A new report from the International Energy Agency (IEA) says there is a “viable pathway” to achieving net-zero emissions by 2050 within the energy sector, but it is a narrow one, requiring “an unprecedented transformation of how energy is produced, transported and used globally,” noted Marine Bunker Exchange (MABUX) in its weekly briefing.
As per the report, climate pledges made by governments to date, even if fully achieved, would fall “well short” of what is needed to cut CO2 emissions to net-zero by 2050 and offer “an even chance” of keeping the global temperature increase to 1.5°C. It also paints an energy landscape that will look very different by 2050. Global energy demand will be around 8% smaller than today, but it will serve an economy more than twice as large and a population with 2 billion more people.
The report also envisages ammonia, hydrogen and bioenergy demand rising from 0% of the marine energy market in 2020 to 8%, 2% and 7% respectively by 2030, and 46%, 17% and 21% respectively by 2050. Fossil oil takes up just over 15% of marine demand by 2050 in the lEA’s scenario, while fossil gas’s share is consistently less than 5% over the next three decades and negligible by 2050.

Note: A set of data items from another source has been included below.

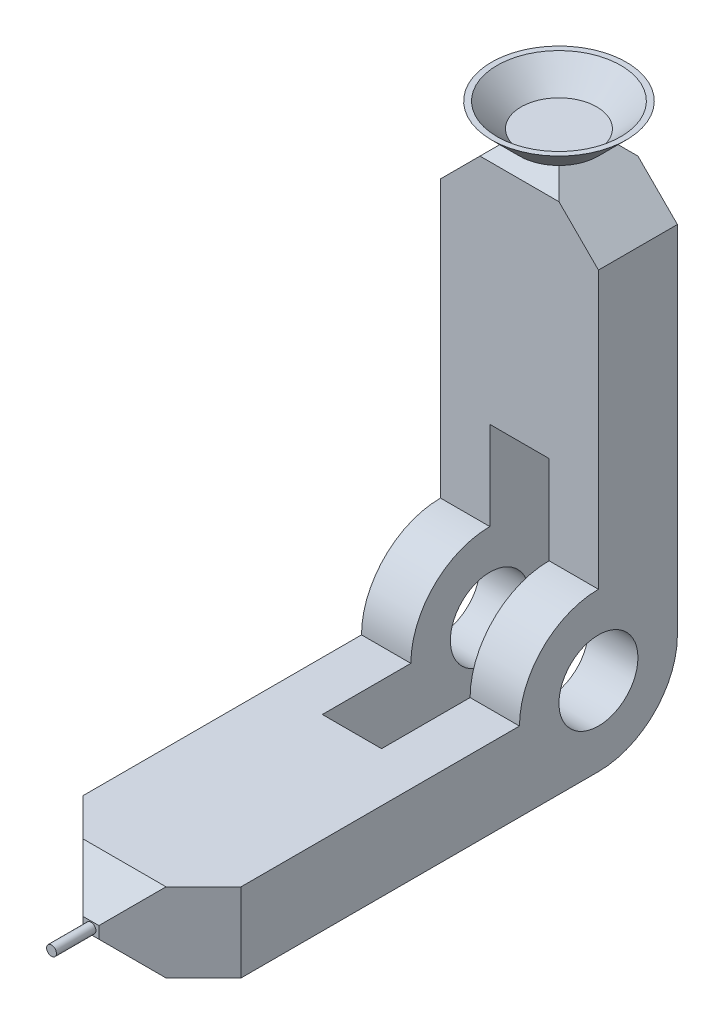
from build123d import *

# Parameters (mm, degrees)
SKETCH1_TOOL_TIP_R  = 10
BOSS_EXTRUDE1_DEPTH = 20
CHAMFER1_SIZE       = 18
CUT_EXTRUDE1_DEPTH  = 7.5
SKETCH3_TOOL_TIP_R  = 1.25
BOSS_EXTRUDE2_DEPTH = 10
CHAMFER2_SIZE       = 15


with BuildPart() as part:
    # sketch1_tool_tip → Boss-Extrude1 (new body, symmetric)
    with BuildSketch(Plane(origin=(0, 0, 0), x_dir=(0, 0, -1), z_dir=(1, 0, 0))):
        with BuildLine():
            Line((-100, 0), (-108.5, -8.5))
            Line((-108.5, -8.5), (-108.5, -11.5))
            Line((-108.5, -11.5), (-100, -20))
            Line((-100, -20), (0, -20))
            ThreePointArc((0, -20), (14.142135624, -14.142135624), (20, 0))
            Line((20, 0), (20, 100))
            Line((20, 100), (15, 105))
            Line((15, 105), (5, 105))
            Line((5, 105), (0, 100))
            Line((0, 100), (0, 20))
            ThreePointArc((0, 20), (-14.142135624, 14.142135624), (-20, 0))
            Line((-20, 0), (-100, 0))
        make_face()
        Circle(SKETCH1_TOOL_TIP_R, mode=Mode.SUBTRACT)
    extrude(amount=BOSS_EXTRUDE1_DEPTH, both=True)

    # Chamfer1
    chamfer1_edges = [part.edges().sort_by_distance(p)[0] for p in [
        (-20, -10, 108.5),
        (20, -10, 108.5),
    ]]
    chamfer(chamfer1_edges, length=CHAMFER1_SIZE)

    # sketch2_tool_tip → Cut-Extrude1 (cut, symmetric)
    with BuildSketch(Plane(origin=(0, 0, 0), x_dir=(0, 0, -1), z_dir=(1, 0, 0))):
        with BuildLine():
            Line((-42.42, -20), (0, -20))
            ThreePointArc((0, -20), (14.142135624, -14.142135624), (20, 0))
            Line((20, 0), (20, 42.42))
            Line((20, 42.42), (0, 42.42))
            Line((0, 42.42), (0, 20))
            ThreePointArc((0, 20), (-14.142135624, 14.142135624), (-20, 0))
            Line((-20, 0), (-42.42, 0))
            Line((-42.42, 0), (-42.42, -20))
        make_face()
    extrude(amount=CUT_EXTRUDE1_DEPTH, both=True, mode=Mode.SUBTRACT)

    # sketch3_tool_tip → Boss-Extrude2 (add)
    with BuildSketch(Plane.XY.offset(108.5)):
        with Locations((0, -10)):
            Circle(SKETCH3_TOOL_TIP_R)
    extrude(amount=BOSS_EXTRUDE2_DEPTH)

    # Chamfer2
    chamfer2_edges = [part.edges().sort_by_distance(p)[0] for p in [
        (-20, 105, -10),
        (20, 105, -10),
    ]]
    chamfer(chamfer2_edges, length=CHAMFER2_SIZE)

    # sketch4_tool_tip → Revolve1 (revolve)
    with BuildSketch(Plane(origin=(0, 0, -10), x_dir=(-1, 0, 0), z_dir=(0, 0, -1))):
        Polygon((0, 105), (10, 105), (17.071067812, 112.071067812), (15.656854249, 112.071067812), (9.585786438, 106), (0, 106), align=None)
    revolve(axis=Axis((0, 105, -10), (0, -1, 0)))


solid = part.part

Meanwhile, during Week 20, the MABUX World Bunker Index has seen a firm downward movement with 380 HSFO index decreasing to US$415.42/mt, VLSFO Index declining to US$515.05/mt, while MGO Index falling to US$609.99/mt.
At the same time, the MABUX ARA LNG Bunker Index, calculated as the average price of LNG as a marine fuel in the Amsterdam Rotterdam Antwerp (ARA) region, has increased during the last three weeks from US$516.80/mt to US$607.67/mt.
During the same period, MGO LS prices have risen US$18/mt, while since 6 May, the price of LNG as a marine fuel in Rotterdam has consistently exceeded the price of MGO LS by average US$45.
The average Global Scrubber Spread (SS) – the difference in price between 380 HSFO and VLSFO – increased to US$99.99.
In Rotterdam, SS declined slightly during the week, but its average increased to US$108.33. In Singapore, the SS rose by US$3, but its average value remained practically unchanged at US$112.5.
Furthermore, the correlation of MABUX MBP Index (Market Bunker Prices) vs MABUX DBP Index (MABUX Digital Benchmark) in the four largest global hubs showed this week that 380 HSFO fuel remained undercharged in all four selected ports ranging from US$5 in Houston and US$24 in Fujairah to US$37 in Rotterdam and US$48 in Singapore.
“The size of underpricing in all four selected ports increased slightly,” underlined MABUX.
The underpricing margins of VLSFO, according to the MABUX DBP Index, also slightly increased: in Rotterdam, the registered undercharge was US$21, in Fujairah – US$44, in Singapore – US$45, while in Houston, on the contrary, the margin of VLSFO overcharge rose to US$10.
MABUX DBP Index also recorded an undercharge of MGO LS fuel at all selected ports ranging from US$24 in Houston to US$43 in Rotterdam, US$50 in Singapore and US$58 in Fujairah. In general, there are no major changes in the global bunker market so far, according to MABUX.